Posted Mon, 02 Sep 2024 09:04:22 GMT by HMRC Admin 18 Response
Hi,

There is no legislative definition of a Lump Sum but HMRC regards these as being any non-periodic payment of a pension - That is, any non-regular payment that decreases the value of the remaining pension pot after such payment is made. For example, the first (IRA) withdrawal is taken in year 1, the next withdrawal was made in year 5, and another withdrawal in year 7; such payments will not be regarded as periodic and will be treated as Lump Sum’s under the UK/USA DTA. Whereas any amount withdrawn in set, periodic, frequent intervals (e.g. weekly, monthly, annually etc.) would not be a Lump Sum, but rather periodic payments. 

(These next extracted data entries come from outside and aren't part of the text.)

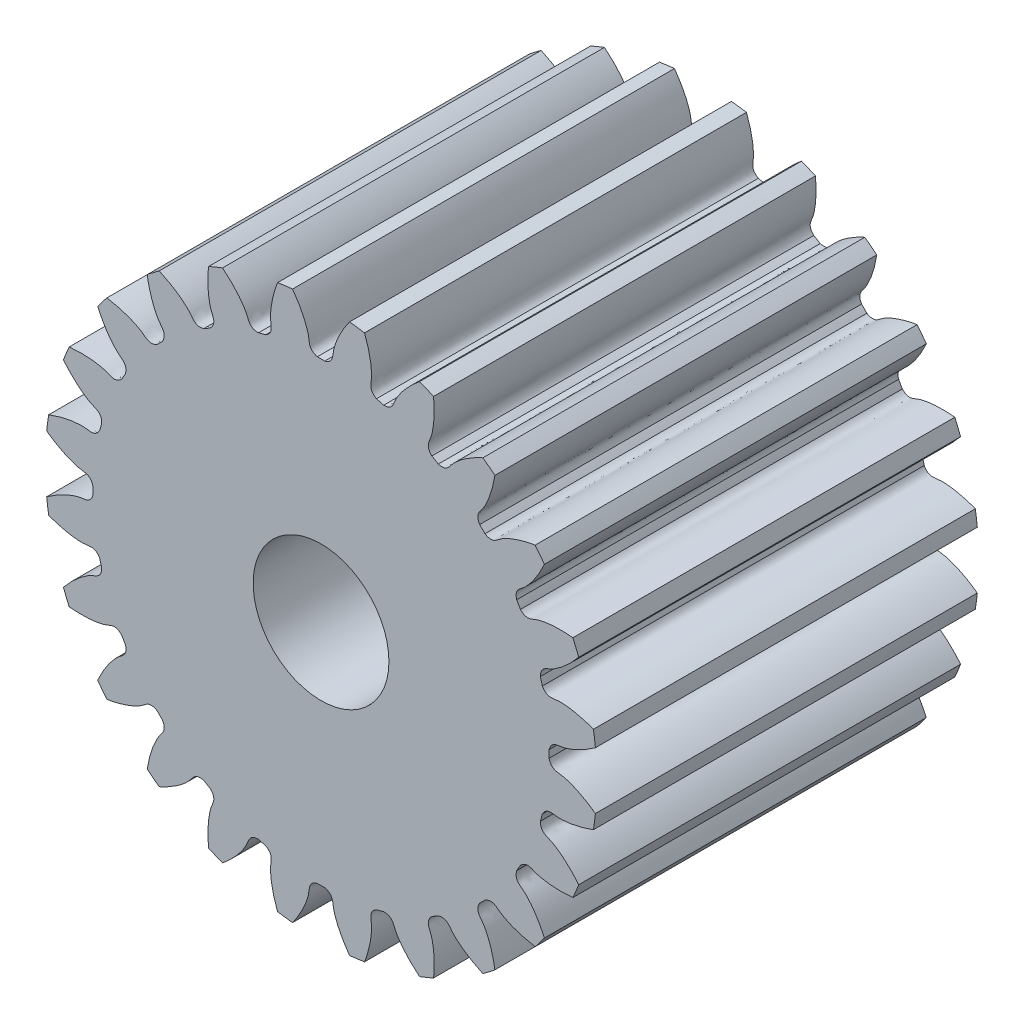
SolidWorks part; units mm, degrees
ref_plane "前视基准面" through (0, 0, 0) normal (0, 0, 1) x (1, 0, 0)
ref_plane "上视基准面" through (0, 0, 0) normal (0, 1, 0) x (1, 0, 0)
ref_plane "右视基准面" through (0, 0, 0) normal (1, 0, 0) x (0, 0, -1)
sketch "草图1" plane through (0, 0, 0) normal (0, 0, 1) x (1, 0, 0)
  circle A0 centre (0, 0) radius 6.5
extrude "凸台-拉伸1" add sketch "草图1" along normal blind 9
ref_axis "基准轴1" through (0, 0, 9) along (0, 0, -1)
sketch "草图2" plane through (0, 0, 0) normal (0, 0, 1) x (1, 0, 0)
  line L0 (0, 0) -> (0, 6.5) construction
  circle A0 centre (0, 0) radius 6.5 construction
  arc A1 (0.0884, 5.3743) -> (-0.0884, 5.3743) centre (0, 0) ccw
  arc A2 (1.5578, 7.3471) -> (-1.5578, 7.3471) centre (0, 0) ccw
  spline S0 degree 3 poles (0.0884, 5.3743) (0.284, 5.4284) (0.2695, 5.5579) (0.2931, 5.6863) (0.2965, 5.7029) (0.3007, 5.7216) (0.3058, 5.7424) (0.312, 5.7653) (0.3191, 5.7902) (0.3275, 5.8171) (0.3371, 5.846) (0.348, 5.8769) (0.3604, 5.9096) (0.3742, 5.9441) (0.3896, 5.9805) (0.4067, 6.0185) (0.4254, 6.0583) (0.446, 6.0997) (0.4684, 6.1427) (0.4928, 6.1872) (0.5192, 6.2332) (0.5476, 6.2806) (0.5782, 6.3293) (0.611, 6.3792) (0.6461, 6.4304) (0.6834, 6.4827) (0.7232, 6.536) (0.7654, 6.5903) (0.8101, 6.6456) (0.8574, 6.7016) (0.9073, 6.7583) (0.9598, 6.8158) (1.015, 6.8738) (1.0729, 6.9322) (1.1336, 6.9911) (1.1972, 7.0503) (1.2635, 7.1097) (1.3328, 7.1693) (1.4302, 7.2497) (1.506, 7.3084) (1.5578, 7.3471) knots 0 0 0 0 0.143961 0.149818 0.156577 0.164236 0.172796 0.182258 0.19262 0.203884 0.216049 0.229115 0.243082 0.25795 0.273719 0.290389 0.30796 0.326433 0.345806 0.366081 0.387257 0.409333 0.432311 0.45619 0.48097 0.506651 0.533234 0.560717 0.589101 0.618387 0.648574 0.679661 0.71165 0.74454 0.778331 0.813023 0.848616 0.885111 0.922506 1 1 1 1
  spline S1 degree 3 poles (-0.0884, 5.3743) (-0.284, 5.4284) (-0.2695, 5.5579) (-0.2931, 5.6863) (-0.2965, 5.7029) (-0.3007, 5.7216) (-0.3058, 5.7424) (-0.312, 5.7653) (-0.3191, 5.7902) (-0.3275, 5.8171) (-0.3371, 5.846) (-0.348, 5.8769) (-0.3604, 5.9096) (-0.3742, 5.9441) (-0.3896, 5.9805) (-0.4067, 6.0185) (-0.4254, 6.0583) (-0.446, 6.0997) (-0.4684, 6.1427) (-0.4928, 6.1872) (-0.5192, 6.2332) (-0.5476, 6.2806) (-0.5782, 6.3293) (-0.611, 6.3792) (-0.6461, 6.4304) (-0.6834, 6.4827) (-0.7232, 6.536) (-0.7654, 6.5903) (-0.8101, 6.6456) (-0.8574, 6.7016) (-0.9073, 6.7583) (-0.9598, 6.8158) (-1.015, 6.8738) (-1.0729, 6.9322) (-1.1336, 6.9911) (-1.1972, 7.0503) (-1.2635, 7.1097) (-1.3328, 7.1693) (-1.4302, 7.2497) (-1.506, 7.3084) (-1.5578, 7.3471) knots 0 0 0 0 0.143961 0.149818 0.156577 0.164236 0.172796 0.182258 0.19262 0.203884 0.216049 0.229115 0.243082 0.25795 0.273719 0.290389 0.30796 0.326433 0.345806 0.366081 0.387257 0.409333 0.432311 0.45619 0.48097 0.506651 0.533234 0.560717 0.589101 0.618387 0.648574 0.679661 0.71165 0.74454 0.778331 0.813023 0.848616 0.885111 0.922506 1 1 1 1
extrude "切除-拉伸1" cut sketch "草图2" along normal through all
pattern_circular "阵列(圆周)1" count 24 every 15 about axis through (0, 0, 9) along (0, 0, -1) of "切除-拉伸1"
sketch "草图3" plane through (0, 0, 0) normal (0, 0, 1) x (1, 0, 0)
  circle A0 centre (0, 0) radius 6 construction
  dimension "Dn" = 12
sketch "草图4" plane through (0, 0, 9) normal (0, 0, 1) x (1, 0, 0)
  circle A0 centre (0, 0) radius 1.6
  dimension "D1" = 3.2
extrude "切除-拉伸2" cut sketch "草图4" against normal up to next

Article 17(2) of the UK/USA DTA provides the US with the right to tax any Lump Sum payment which is made from a US sourced pension scheme (including IRAs). However, the UK is also permitted to tax the same lump sum payment(s), which is in accordance with Article 1(4) of the DTA

Thank you.
Posted Fri, 04 Oct 2024 11:11:19 GMT by john2938
Current US tax legislation requires the owner of an IRA to take a distribution (that is, take a withdrawal) every year after the owner reaches age 72. The amount of the required distribution is fixed and depends on the value of the account and the life expectancy of the owner. Therefore the owner cannot select the years in which he/she takes a distribution or the amount of the distribution. Specifically, he/she cannot take one distribution in year 1, one in year 5 and one in year 7, and no others. If I take my required distributions every year and take an additional distribution (that is, in addition to the amount of the required distribution) in year 5, but in no other year, is that additional distribution considered by HMRC to be a lump sum?
Posted Mon, 14 Oct 2024 11:57:06 GMT by HMRC Admin 10 Response
Hi
Yes the additional one is a lump sum.